Manual Installation

If you need to manually install Verify Privilege Manager on a system and you already have an existing server installation, refer to the installation instructions described under the High Availability Set-up for Verify Privilege Manager. Otherwise follow the steps below.

IBM Security recommends to always use the setup.exe installer to verify that your system meets the prerequisites.

Download Verify Privilege Manager Application Files

Make sure you have the prerequisites (IIS, .NET Framework, and SQL Server) installed before following the steps listed below.
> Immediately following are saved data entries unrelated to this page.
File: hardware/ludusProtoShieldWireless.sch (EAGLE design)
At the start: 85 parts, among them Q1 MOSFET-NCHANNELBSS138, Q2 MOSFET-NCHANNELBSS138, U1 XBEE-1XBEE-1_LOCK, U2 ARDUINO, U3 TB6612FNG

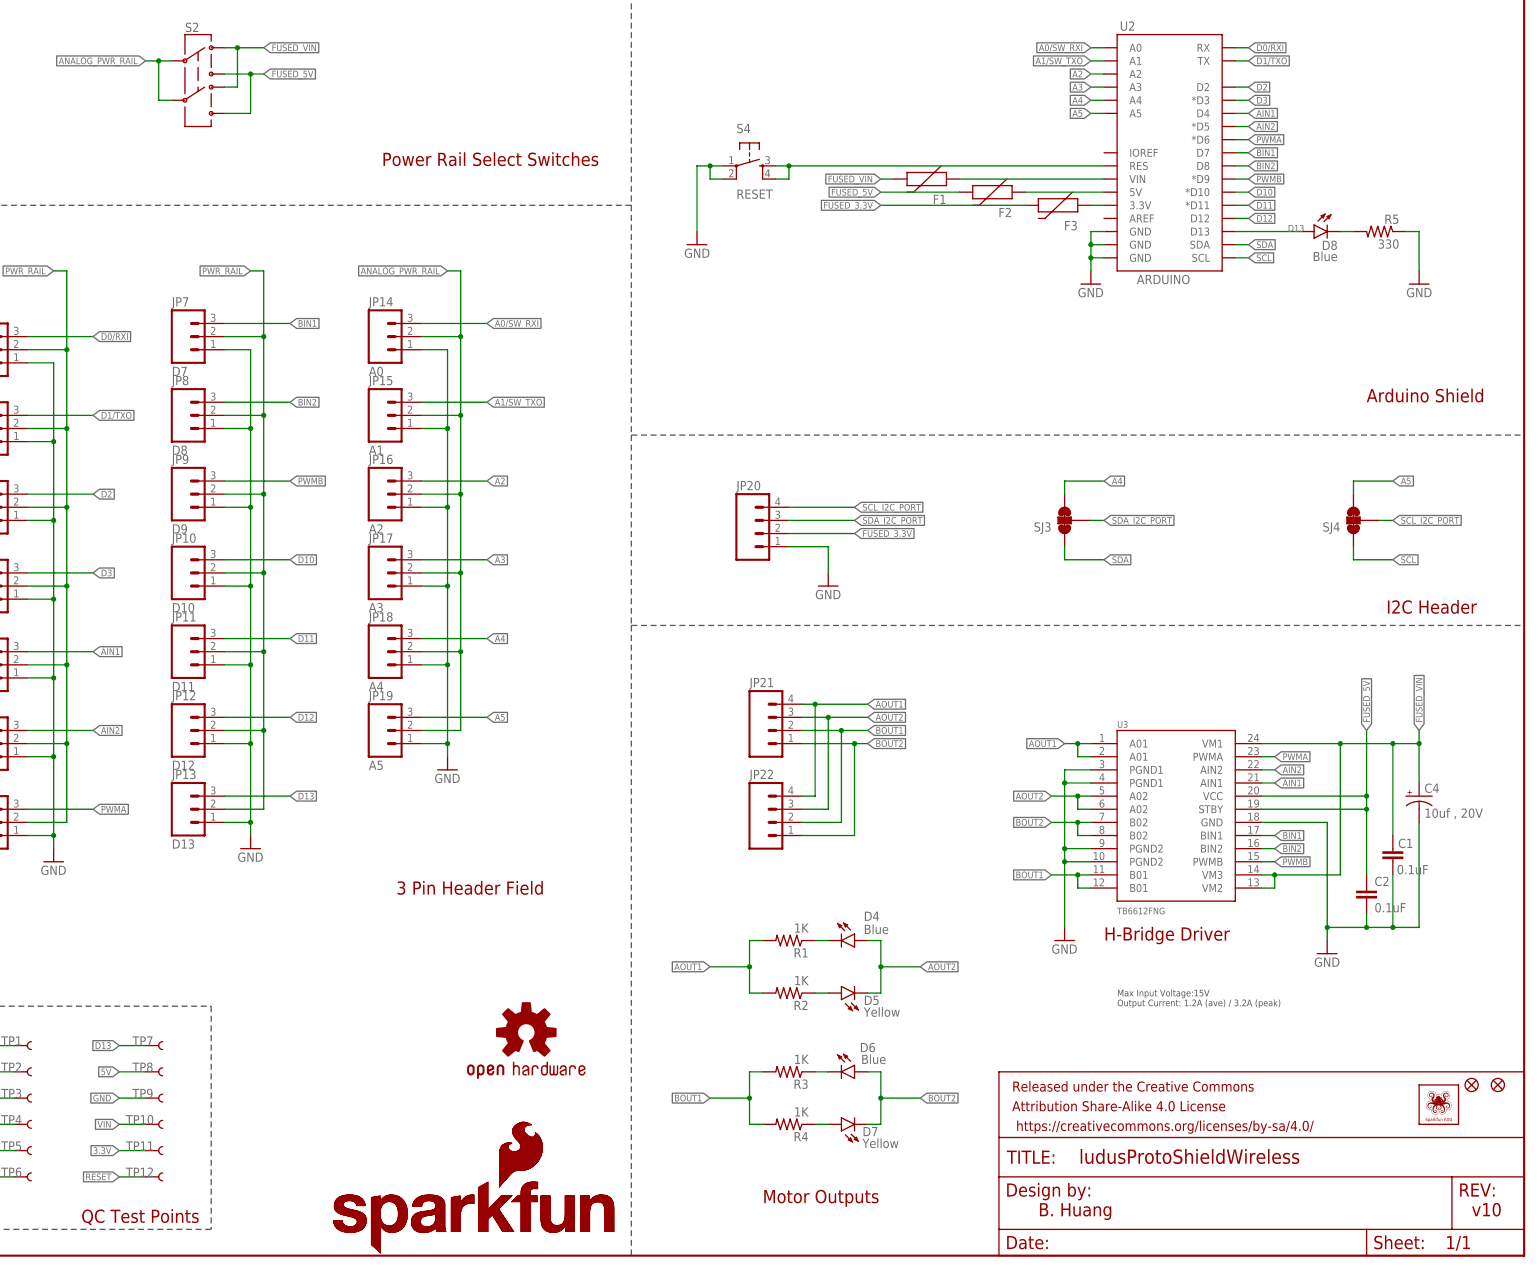
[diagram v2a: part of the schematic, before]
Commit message: Moved PWM pins to 3 and 6 instead of 6 and 9
Changed the PWM control pins on the shield to pins 3 & 6 so that it is
compatible / does not conflict with the Arduino Servo library.

No test points moved. Updated silk accordingly.
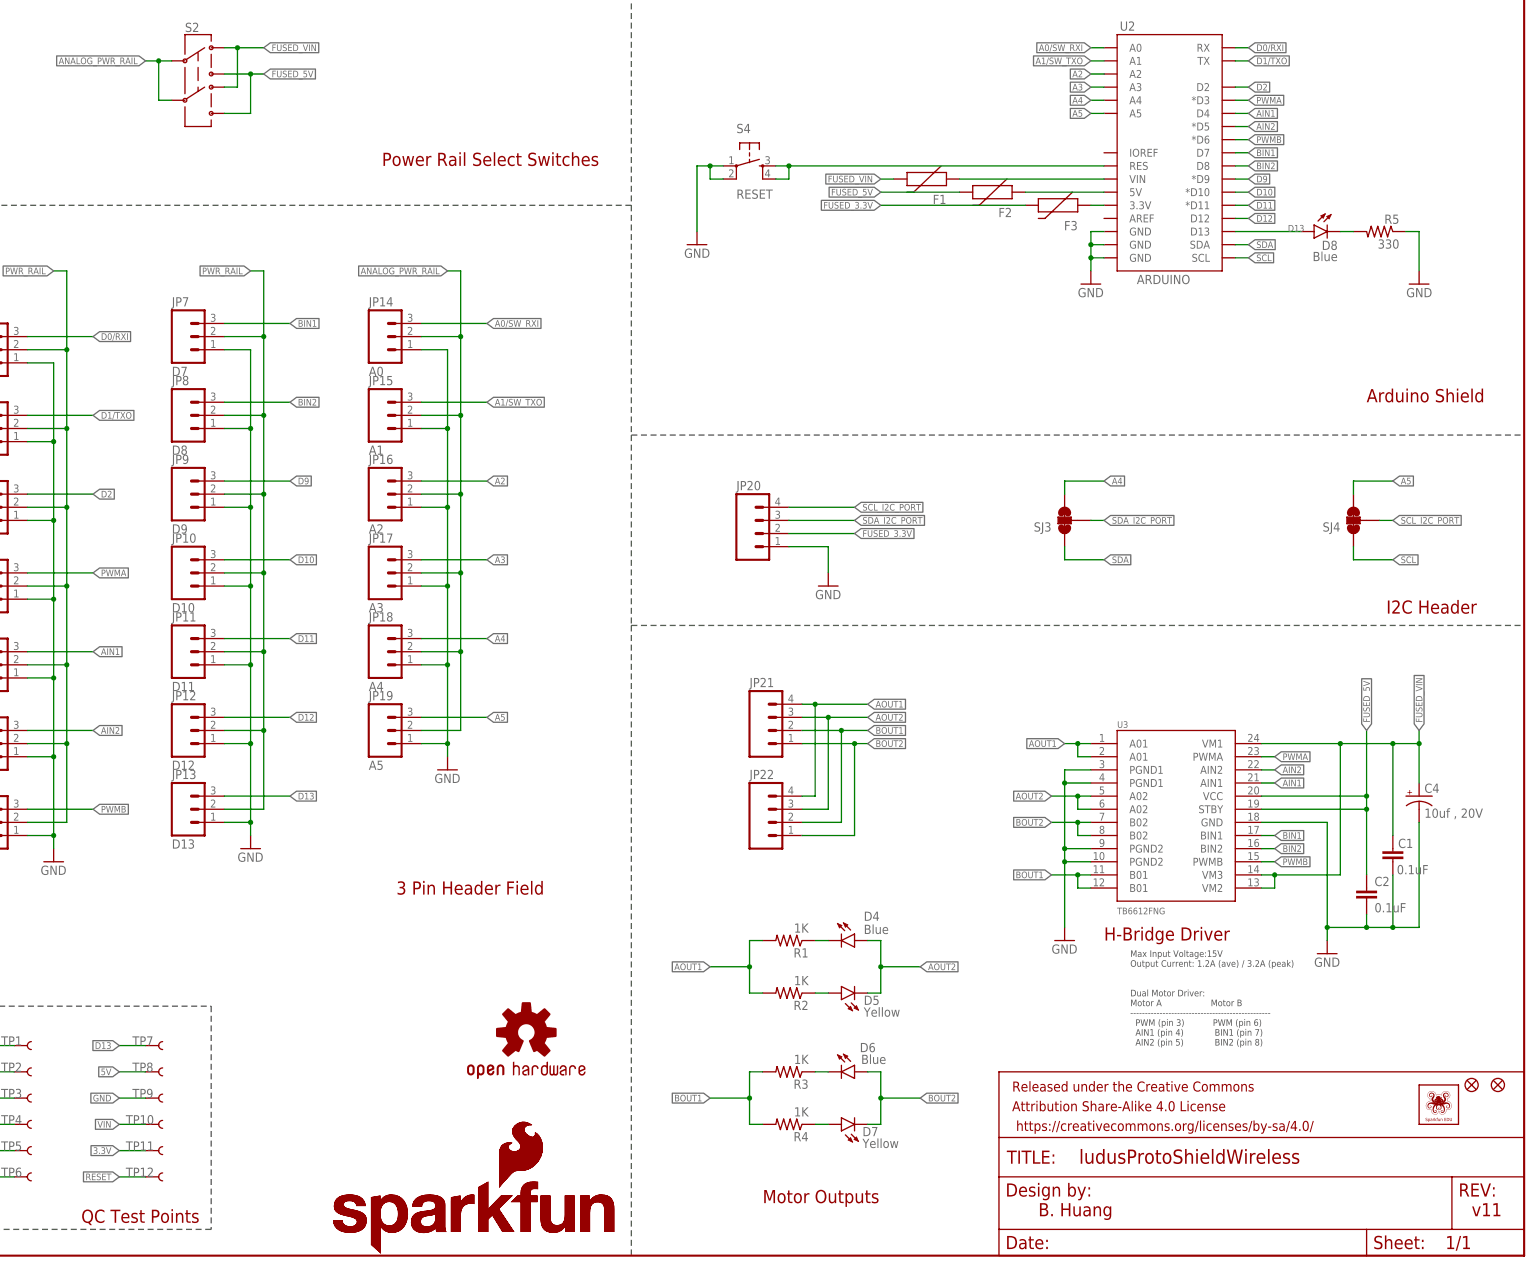
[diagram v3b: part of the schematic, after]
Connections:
- removed net D3: JP3.3, U2.*D3
- new net D9: JP9.3, U2.*D9
- net PWMA: now also JP3.3, U2.*D3; no longer JP6.3, U2.*D6
- net PWMB: now also JP6.3, U2.*D6; no longer JP9.3, U2.*D9
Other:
- note added: "Dual Motor Driver: Motor A Motor B ------------------------------------------------ PWM (pin 3) PWM (pin 6) AIN1 (pin 4) BIN1 (pin 7) AIN2 (pin 5) BIN2 (pin 8)"
- note added: "v11"
- note removed: "v10"
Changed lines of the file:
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@@
 <wire x1="259.08" y1="203.2" x2="259.08" y2="158.75" width="0.2032" layer="97" style="longdash"/>
 <text x="337.82" y="7.62" size="2.54" layer="94">B. Huang</text>
-<text x="421.64" y="7.62" size="2.54" layer="94">v10</text>
+<text x="421.64" y="7.62" size="2.54" layer="94">v11</text>
 <wire x1="259.08" y1="158.75" x2="259.08" y2="121.92" width="0.2032" layer="97" style="longdash"/>
 <wire x1="259.08" y1="121.92" x2="259.08" y2="0" width="0.2032" layer="97" style="longdash"/>
@@
 <wire x1="259.08" y1="158.75" x2="431.8" y2="158.75" width="0.1524" layer="97" style="longdash"/>
 <text x="210.82" y="210.82" size="2.54" layer="94">Power Rail Select Switches</text>
-<text x="353.06" y="48.26" size="1.27" layer="97">Max Input Voltage:15V
+<text x="355.6" y="55.88" size="1.27" layer="97">Max Input Voltage:15V
 Output Current: 1.2A (ave) / 3.2A (peak)</text>
 <text x="12.7" y="142.24" size="1.27" layer="97">RESET Jumper provides easy access
@@
 <wire x1="121.92" y1="5.08" x2="121.92" y2="48.26" width="0.2032" layer="97" style="longdash"/>
 <text x="152.654" y="6.35" size="2.54" layer="94">QC Test Points</text>
+<text x="355.6" y="40.64" size="1.27" layer="97">Dual Motor Driver:
+Motor A                   Motor B
+------------------------------------------------
+  PWM (pin 3)           PWM (pin 6)
+  AIN1 (pin 4)            BIN1 (pin 7)
+  AIN2 (pin 5)            BIN2 (pin 8)</text>
 </plain>
 <instances>
@@
 </segment>
 <segment>
+<pinref part="TP3" gate="G$1" pin="1"/>
+<wire x1="139.7" y1="30.48" x2="134.62" y2="30.48" width="0.1524" layer="91"/>
+<label x="134.62" y="30.48" size="1.27" layer="95" rot="R180" xref="yes"/>
+</segment>
+<segment>
+<wire x1="375.92" y1="223.52" x2="378.46" y2="223.52" width="0.1524" layer="91"/>
+<label x="378.46" y="223.52" size="1.27" layer="95" xref="yes"/>
+<pinref part="U2" gate="G$1" pin="*D3"/>
+</segment>
+<segment>
+<pinref part="JP3" gate="G$1" pin="3"/>
+<wire x1="142.24" y1="132.08" x2="154.94" y2="132.08" width="0.1524" layer="91"/>
+<label x="154.94" y="132.08" size="1.27" layer="95" xref="yes"/>
+</segment>
+</net>
+<net name="PWMB" class="0">
+<segment>
+<pinref part="U3" gate="G$1" pin="PWMB"/>
+<wire x1="381" y1="76.2" x2="383.54" y2="76.2" width="0.1524" layer="91"/>
+<label x="383.54" y="76.2" size="1.27" layer="95" xref="yes"/>
+</segment>
+<segment>
+<pinref part="TP6" gate="G$1" pin="1"/>
+<wire x1="139.7" y1="15.24" x2="134.62" y2="15.24" width="0.1524" layer="91"/>
+<label x="134.62" y="15.24" size="1.27" layer="95" rot="R180" xref="yes"/>
+</segment>
+<segment>
 <pinref part="U2" gate="G$1" pin="*D6"/>
 <wire x1="375.92" y1="215.9" x2="378.46" y2="215.9" width="0.1524" layer="91"/>
@@
 <wire x1="142.24" y1="86.36" x2="154.94" y2="86.36" width="0.1524" layer="91"/>
 <label x="154.94" y="86.36" size="1.27" layer="95" xref="yes"/>
-</segment>
-<segment>
-<pinref part="TP3" gate="G$1" pin="1"/>
-<wire x1="139.7" y1="30.48" x2="134.62" y2="30.48" width="0.1524" layer="91"/>
-<label x="134.62" y="30.48" size="1.27" layer="95" rot="R180" xref="yes"/>
-</segment>
-</net>
-<net name="PWMB" class="0">
-<segment>
-<pinref part="U3" gate="G$1" pin="PWMB"/>
-<wire x1="381" y1="76.2" x2="383.54" y2="76.2" width="0.1524" layer="91"/>
-<label x="383.54" y="76.2" size="1.27" layer="95" xref="yes"/>
-</segment>
-<segment>
-<pinref part="U2" gate="G$1" pin="*D9"/>
-<wire x1="375.92" y1="208.28" x2="378.46" y2="208.28" width="0.1524" layer="91"/>
-<label x="378.46" y="208.28" size="1.27" layer="95" xref="yes"/>
-</segment>
-<segment>
-<pinref part="JP9" gate="G$1" pin="3"/>
-<wire x1="180.34" y1="149.86" x2="193.04" y2="149.86" width="0.1524" layer="91"/>
-<label x="193.04" y="149.86" size="1.27" layer="95" xref="yes"/>
-</segment>
-<segment>
-<pinref part="TP6" gate="G$1" pin="1"/>
-<wire x1="139.7" y1="15.24" x2="134.62" y2="15.24" width="0.1524" layer="91"/>
-<label x="134.62" y="15.24" size="1.27" layer="95" rot="R180" xref="yes"/>
 </segment>
 </net>
@@
 <wire x1="165.1" y1="15.24" x2="160.02" y2="15.24" width="0.1524" layer="91"/>
 <label x="160.02" y="15.24" size="1.27" layer="95" rot="R180" xref="yes"/>
-</segment>
-</net>
-<net name="D3" class="0">
-<segment>
-<wire x1="375.92" y1="223.52" x2="378.46" y2="223.52" width="0.1524" layer="91"/>
-<label x="378.46" y="223.52" size="1.27" layer="95" xref="yes"/>
-<pinref part="U2" gate="G$1" pin="*D3"/>
-</segment>
-<segment>
-<pinref part="JP3" gate="G$1" pin="3"/>
-<wire x1="142.24" y1="132.08" x2="154.94" y2="132.08" width="0.1524" layer="91"/>
-<label x="154.94" y="132.08" size="1.27" layer="95" xref="yes"/>
 </segment>
 </net>
@@
 </segment>
 </net>
+<net name="D9" class="0">
+<segment>
+<pinref part="U2" gate="G$1" pin="*D9"/>
+<wire x1="375.92" y1="208.28" x2="378.46" y2="208.28" width="0.1524" layer="91"/>
+<label x="378.46" y="208.28" size="1.27" layer="95" xref="yes"/>
+</segment>
+<segment>
+<pinref part="JP9" gate="G$1" pin="3"/>
+<wire x1="180.34" y1="149.86" x2="193.04" y2="149.86" width="0.1524" layer="91"/>
+<label x="193.04" y="149.86" size="1.27" layer="95" xref="yes"/>
+</segment>
+</net>

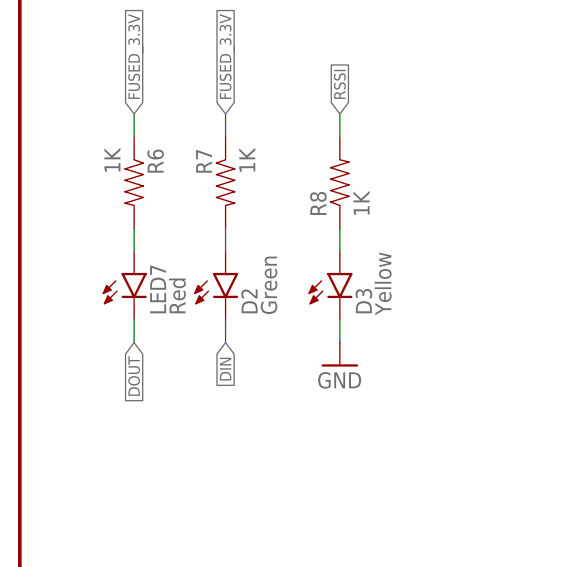
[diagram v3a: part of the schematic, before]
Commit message: Updates re: Issue #4
Fixed labels on LED7 to D1.
Bumped the HW /SW Serial switch over to avoid the silk
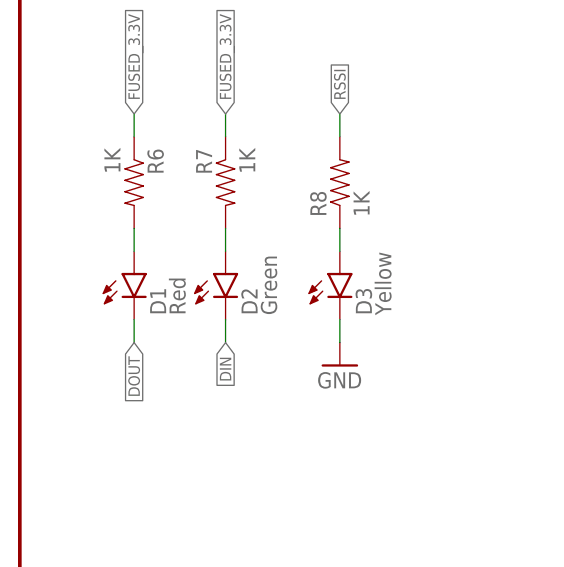
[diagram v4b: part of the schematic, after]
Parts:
- renumbered LED7 to D1
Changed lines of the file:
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@@
 <part name="LOGO4" library="SparkFun-Aesthetics" deviceset="SFE_LOGO_NAME_FLAME" device=".1_INCH" value="SFE_LOGO_NAME_FLAME.1_INCH"/>
 <part name="JP22" library="SparkFun-Connectors" deviceset="M04" device="LOCK"/>
-<part name="LED7" library="SparkFun-LED" deviceset="LED-RED" device="0603" value="Red"/>
+<part name="D1" library="SparkFun-LED" deviceset="LED-RED" device="0603" value="Red"/>
 <part name="D2" library="SparkFun-LED" deviceset="LED-GREEN" device="0603" value="Green"/>
 <part name="R6" library="SparkFun-Resistors" deviceset="1KOHM-1/10W-1%(0603)" device="" value="1K"/>
@@
 <instance part="LOGO4" gate="G$1" x="200.66" y="0"/>
 <instance part="JP22" gate="G$1" x="287.02" y="83.82"/>
-<instance part="LED7" gate="G$1" x="12.7" y="43.18"/>
+<instance part="D1" gate="G$1" x="12.7" y="43.18"/>
 <instance part="D2" gate="G$1" x="22.86" y="43.18"/>
 <instance part="R6" gate="G$1" x="12.7" y="53.34" rot="R270"/>
@@
 <segment>
 <wire x1="12.7" y1="48.26" x2="12.7" y2="45.72" width="0.1524" layer="91"/>
-<pinref part="LED7" gate="G$1" pin="A"/>
+<pinref part="D1" gate="G$1" pin="A"/>
 <pinref part="R6" gate="G$1" pin="2"/>
 </segment>
@@
 <wire x1="12.7" y1="38.1" x2="12.7" y2="35.56" width="0.1524" layer="91"/>
 <label x="12.7" y="35.56" size="1.27" layer="95" rot="R270" xref="yes"/>
-<pinref part="LED7" gate="G$1" pin="C"/>
-</segment>
-</net>
+<pinref part="D1" gate="G$1" pin="C"/>
+</segment>
+</net>

After clicking the download link on the Software Downloads page, you will be able to download a .zip file that contains both Verify Privilege Manager and Verify Privilege Manager files.

Zip File Extraction Tool

You will also need to install a zip application like winzip or 7-zip to extract files for this install. 7-zip is used in the instructions below and can be downloaded for free here.

Manual Installation (no setup.exe)

Clicking the download link above will take you to a portal page where you can choose to download a .zip file that contains the application files. Use this .zip file for the instructions below. Privilege Manger can be installed in a few different ways, as a:

  • virtual Directory
  • website

Installing as a Virtual Directory

  1. Extract the contents of the .zip file and select the nugetCache folder. Move the contents of that folder to a temporary location like C:\ProgramData\ (Recommended)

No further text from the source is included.